Rome: Jean Paul II a signé l’exhortation apostolique sur le ministère des évêques

La «difficile et grave» tâche des évêques

Rome, 16 octobre 2003 (Apic) Le pape Jean Paul II a signé solennellement en public l’exhortation apostolique post-synodale sur le ministère des évêques, le 16 octobre, jour du XXVe anniversaire de son élection pontificale, dans la salle Paul VI du Vatican. Dans son discours, lu qu’en partie, le pape a relevé combien la tâche des évêques est «difficile et grave».

La plupart des cardinaux invités à Rome pour l’occasion, ainsi que les patriarches des Eglises orientales et les présidents des conférences épiscopales – soit près de trois cents personnes – étaient présents, placés aux premiers rangs, tandis qu’une foule de plus de 3000 personnes – essentiellement des Polonais – assistaient également à la cérémonie.

Après la signature du texte, intitulé «Pastores gregis» – pasteurs du troupeau – qui conclut le synode réuni sur le ministère des évêques en septembre 2001, le pape a pris la parole, tant bien que mal, pour lire le début et la fin d’un discours dont l’essentiel a été lu par le substitut de la Secrétairerie d’Etat, Mgr Leonardo Sandri. Un discours qui reprenait quelques points importants de l’exhortation.
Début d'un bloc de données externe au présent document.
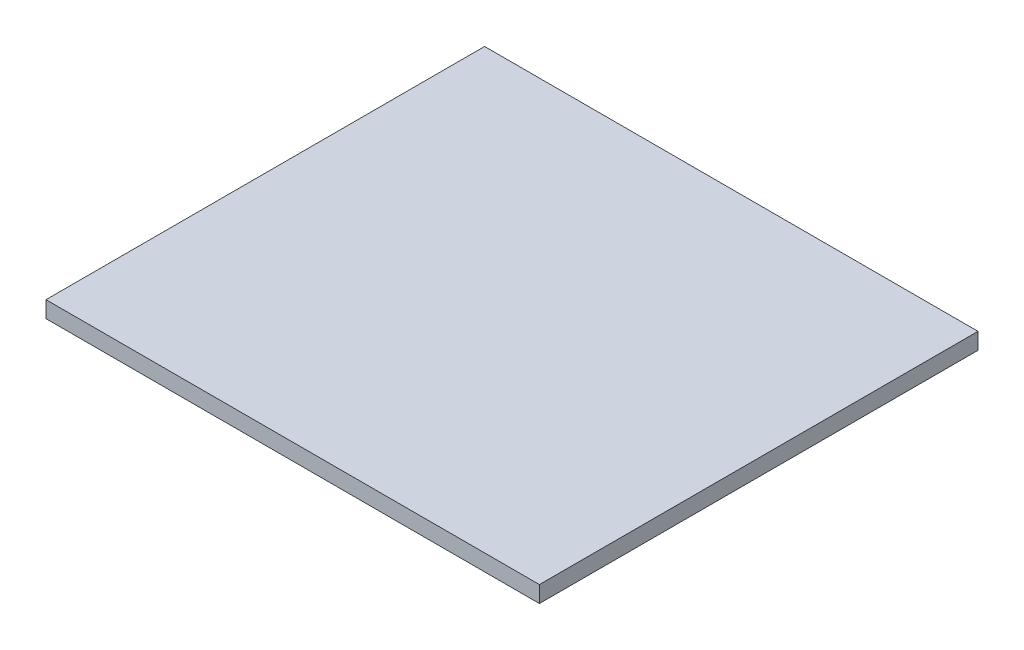
SolidWorks part; units mm, degrees
ref_plane "前视基准面" through (0, 0, 0) normal (0, 0, 1) x (1, 0, 0)
ref_plane "上视基准面" through (0, 0, 0) normal (0, 1, 0) x (1, 0, 0)
ref_plane "右视基准面" through (0, 0, 0) normal (1, 0, 0) x (0, 0, -1)
other "Configuration Table"
sketch "草图1" plane through (0, 0, 0) normal (0, 1, 0) x (1, 0, 0)
  line L1 (-45, -40) -> (45, -40)
  line L2 (-45, -40) -> (-45, 40)
  line L3 (-45, 40) -> (45, 40)
  line L4 (45, -40) -> (45, 40)
  line L5 (-45, -40) -> (45, 40) construction
  line L6 (-45, 40) -> (45, -40) construction
  point P0 (0, 0)
  dimension "D1" = 90
  dimension "D2" = 80
extrude "凸台-拉伸1" add sketch "草图1" along normal blind 3
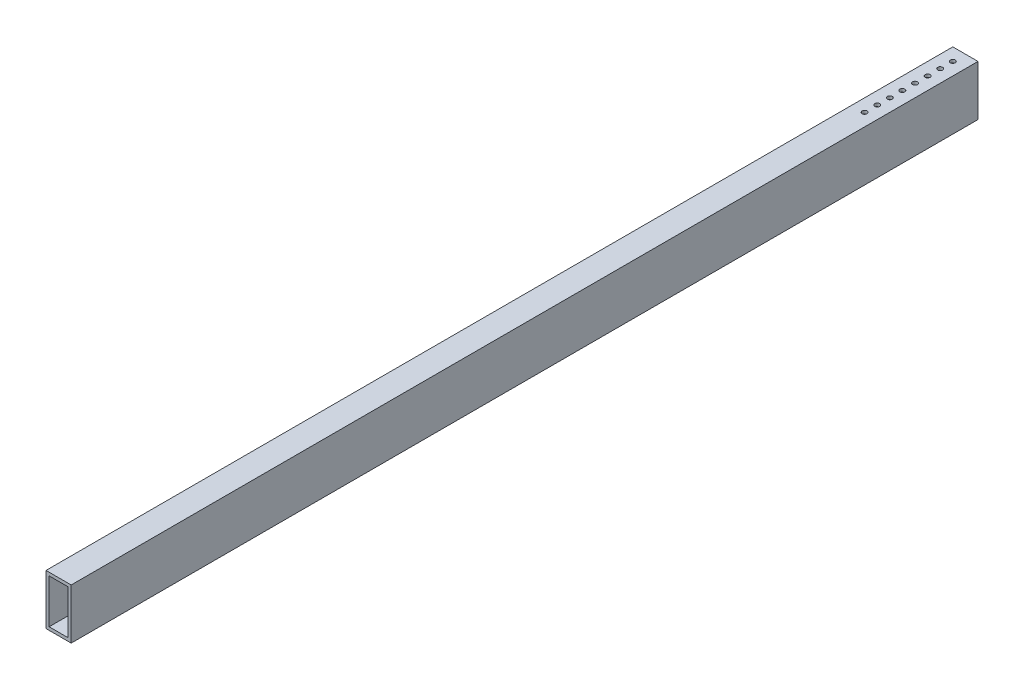
SolidWorks part; units mm, degrees
material "6061-T6 (SS)"
ref_plane "Front Plane" through (0, 0, 0) normal (0, 0, 1) x (1, 0, 0)
ref_plane "Top Plane" through (0, 0, 0) normal (0, 1, 0) x (1, 0, 0)
ref_plane "Right Plane" through (0, 0, 0) normal (1, 0, 0) x (0, 0, -1)
sketch "Sketch1" plane through (0, 0, 0) normal (0, 0, 1) x (1, 0, 0)
  line L0 (-9.525, -22.225) -> (-9.525, 22.225)
  line L1 (-12.7, -25.4) -> (12.7, -25.4)
  line L2 (-12.7, -25.4) -> (-12.7, 25.4)
  line L3 (-12.7, 25.4) -> (12.7, 25.4)
  line L4 (12.7, -25.4) -> (12.7, 25.4)
  line L5 (-12.7, -25.4) -> (12.7, 25.4) construction
  line L6 (-12.7, 25.4) -> (12.7, -25.4) construction
  line L7 (-9.525, 22.225) -> (9.525, 22.225)
  line L8 (9.525, -22.225) -> (9.525, 22.225)
  line L9 (-9.525, -22.225) -> (9.525, -22.225)
  point P0 (0, 0)
  dimension "D1" = 25.4
  dimension "D2" = 50.8
  dimension "D3" = 3.175
extrude "Boss-Extrude1" add sketch "Sketch1" along normal blind 914.4 contours L7 L8 L9 L0
sketch "Sketch2" plane through (0, 25.4, 0) normal (0, 1, 0) x (1, 0, 0)
  line L0 (0, 0) -> (0, -914.4) construction
  line L1 (12.7, -914.4) -> (-12.7, -914.4) construction
  line L2 (12.7, 0) -> (-12.7, 0) construction
  circle A0 centre (0, -12.7) radius 2.4892
  circle A1 centre (0, -25.4) radius 2.4892
  circle A2 centre (0, -38.1) radius 2.4892
  circle A3 centre (0, -50.8) radius 2.4892
  circle A4 centre (0, -63.5) radius 2.4892
  circle A5 centre (0, -76.2) radius 2.4892
  circle A6 centre (0, -88.9) radius 2.4892
  circle A7 centre (0, -101.6) radius 2.4892
  point P9 (0, 0)
  dimension "D1" = 4.9784
  dimension "D2" = 12.7
  dimension "D4" = 12.7
  dimension "D3" = 8
extrude "Cut-Extrude1" cut sketch "Sketch2" against normal through all
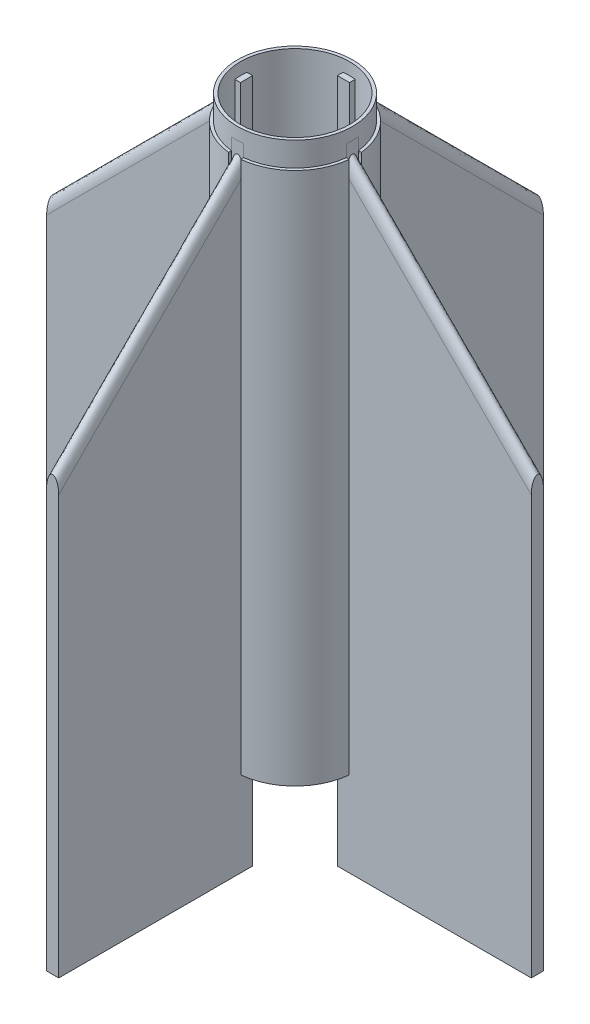
SolidWorks part; units mm, degrees
ref_plane "Спереди" through (0, 0, 0) normal (0, 0, 1) x (1, 0, 0)
ref_plane "Сверху" through (0, 0, 0) normal (0, 1, 0) x (1, 0, 0)
ref_plane "Справа" through (0, 0, 0) normal (1, 0, 0) x (0, 0, -1)
sketch "Эскиз1" plane through (0, 0, 0) normal (0, 1, 0) x (1, 0, 0)
  circle A0 centre (0, 0) radius 25
  circle A1 centre (0, 0) radius 19.15
  dimension "D1" = 50
  dimension "D2" = 38.3
extrude "Бобышка-Вытянуть1" add sketch "Эскиз1" along normal blind 40
sketch "Эскиз2" plane through (0, 40, 0) normal (0, 1, 0) x (1, 0, 0)
  circle A0 centre (0, 0) radius 25
  circle A1 centre (0, 0) radius 24
  dimension "D1" = 50
  dimension "D2" = 48
extrude "Бобышка-Вытянуть2" add sketch "Эскиз2" along normal blind 100
sketch "Эскиз4" plane through (0, 140, 0) normal (0, 1, 0) x (1, 0, 0)
  circle A0 centre (0, 0) radius 25
  circle A1 centre (0, 0) radius 19.15
  dimension "D1" = 50
  dimension "D2" = 38.3
extrude "Бобышка-Вытянуть3" add sketch "Эскиз4" along normal blind 40
sketch "Эскиз5" plane through (0, 180, 0) normal (0, 1, 0) x (1, 0, 0)
  circle A0 centre (0, 0) radius 25
  circle A1 centre (0, 0) radius 22.5
  dimension "D1" = 50
  dimension "D2" = 45
extrude "Бобышка-Вытянуть4" add sketch "Эскиз5" along normal blind 40
sketch "Эскиз6" plane through (0, 220, 0) normal (0, 1, 0) x (1, 0, 0)
  circle A0 centre (0, 0) radius 22.5
  circle A1 centre (0, 0) radius 23.8
  dimension "D1" = 45
  dimension "D2" = 47.6
extrude "Бобышка-Вытянуть5" add sketch "Эскиз6" along normal blind 10
sketch "Эскиз8" plane through (0, 0, 0) normal (0, 0, 1) x (1, 0, 0)
  line L0 (0, 273.9435) -> (0, 90) construction
  line L1 (-25, 0) -> (25, 0) construction
  line L2 (2.5, 225) -> (-2.5, 225)
  line L3 (2.5, 225) -> (2.5, -45)
  line L4 (2.5, -45) -> (-2.5, -45)
  line L5 (-2.5, 225) -> (-2.5, -45)
  line L6 (2.5, 225) -> (-2.5, -45) construction
  line L7 (2.5, -45) -> (-2.5, 225) construction
  point P3 (0, 90)
  dimension "D1" = 5
  dimension "D2" = 270
  dimension "D3" = 90
extrude "Бобышка-Вытянуть6" add sketch "Эскиз8" against normal blind 80 from offset 20 offset against normal yes
sketch "Эскиз10" plane through (2.5, 0, 0) normal (1, 0, 0) x (0, 0, -1)
  line L0 (20, -35) -> (100, -35)
  line L1 (20, -45) -> (20, 0) construction
  line L2 (100, -45) -> (100, 225) construction
  line L3 (100, -45) -> (20, -45) construction
  line L4 (20, -35) -> (20, -45)
  line L5 (20, -45) -> (100, -45)
  line L6 (100, -45) -> (100, -35)
  dimension "D1" = 10
extrude "Вырез-Вытянуть2" cut sketch "Эскиз10" against normal blind 80
sketch "Эскиз12" plane through (2.5, 0, 0) normal (1, 0, 0) x (0, 0, -1)
  line L0 (24.8747, 220) -> (23.6683, 220)
  line L1 (23.6683, 220) -> (23.6683, 225)
  line L2 (23.6683, 225) -> (100, 225)
  line L3 (100, 225) -> (100, 144.8747)
  line L4 (100, -35) -> (100, 225) construction
  line L5 (100, 144.8747) -> (24.8747, 220)
  line L6 (24.8747, 0) -> (24.8747, 220) construction
  dimension "D1" = 45
extrude "Вырез-Вытянуть3" cut sketch "Эскиз12" against normal blind 80
sketch "Эскиз13" plane through (0, 122.4373, -122.4373) normal (0, 0.7071, -0.7071) x (1, 0, 0)
  line L2 (0, -141.7312) -> (0, -31.7312)
  line L4 (-2.5, -31.7312) -> (2.5, -31.7312) construction
  dimension "D1" = 110
sketch "Эскиз14" plane through (0, 0, -23.6683) normal (0, 0, -1) x (-1, 0, 0)
  line L0 (0, 141644.1894) -> (0, 141626.1785) construction
  line L2 (2.5, 220) -> (-2.5, 220) construction
  line L3 (2.5, 220) -> (-2.5, 220) construction
  line L5 (2.5, 220) -> (2.5, 0) construction
  line L7 (-2.5, 214) -> (-2.5, 220)
  line L10 (2.5, 220) -> (2.5, 214)
  line L11 (-2.5, 220) -> (-2.5, 225)
  line L12 (-2.5, 225) -> (2.5, 225)
  line L13 (2.5, 225) -> (2.5, 220)
  ellipse E0 centre (0, 214) end of major axis (0, 220) minor radius 2.5 (2.5, 214) -> (-2.5, 214) ccw
  point P3 (0, 220)
  dimension "D1" = 6
sweep "Вырез-По траектории10" cut profiles "Эскиз14" path "Эскиз13"
pattern_circular "Круговой массив1" count 4 over 360 about axis through (0, 40, 0) along (0, -1, 0) of "Бобышка-Вытянуть6", "Вырез-По траектории10", "Вырез-Вытянуть3", "Вырез-Вытянуть2"

En concluant cette intervention, et alors qu’il reprenait la parole, le pape a souligné personnellement combien la tâche à laquelle les évêques sont appelés, est «difficile et grave». «Où trouverons-nous la force pour l’accomplir selon la volonté du Christ ?» a-t-il demandé. Avant de répondre: «Uniquement en Lui, indubitablement».

«Etre le pasteur de son troupeau est aujourd’hui particulièrement fatigant et exigeant, a encore confié Jean Paul II. Nous devons toutefois avoir confiance et garder espoir contre tout espoir». Des paroles immédiatement suivies par le chant que les Polonais entonnent traditionnellement pour les anniversaires: «Sto Lat», soit «qu’il vive cent ans»!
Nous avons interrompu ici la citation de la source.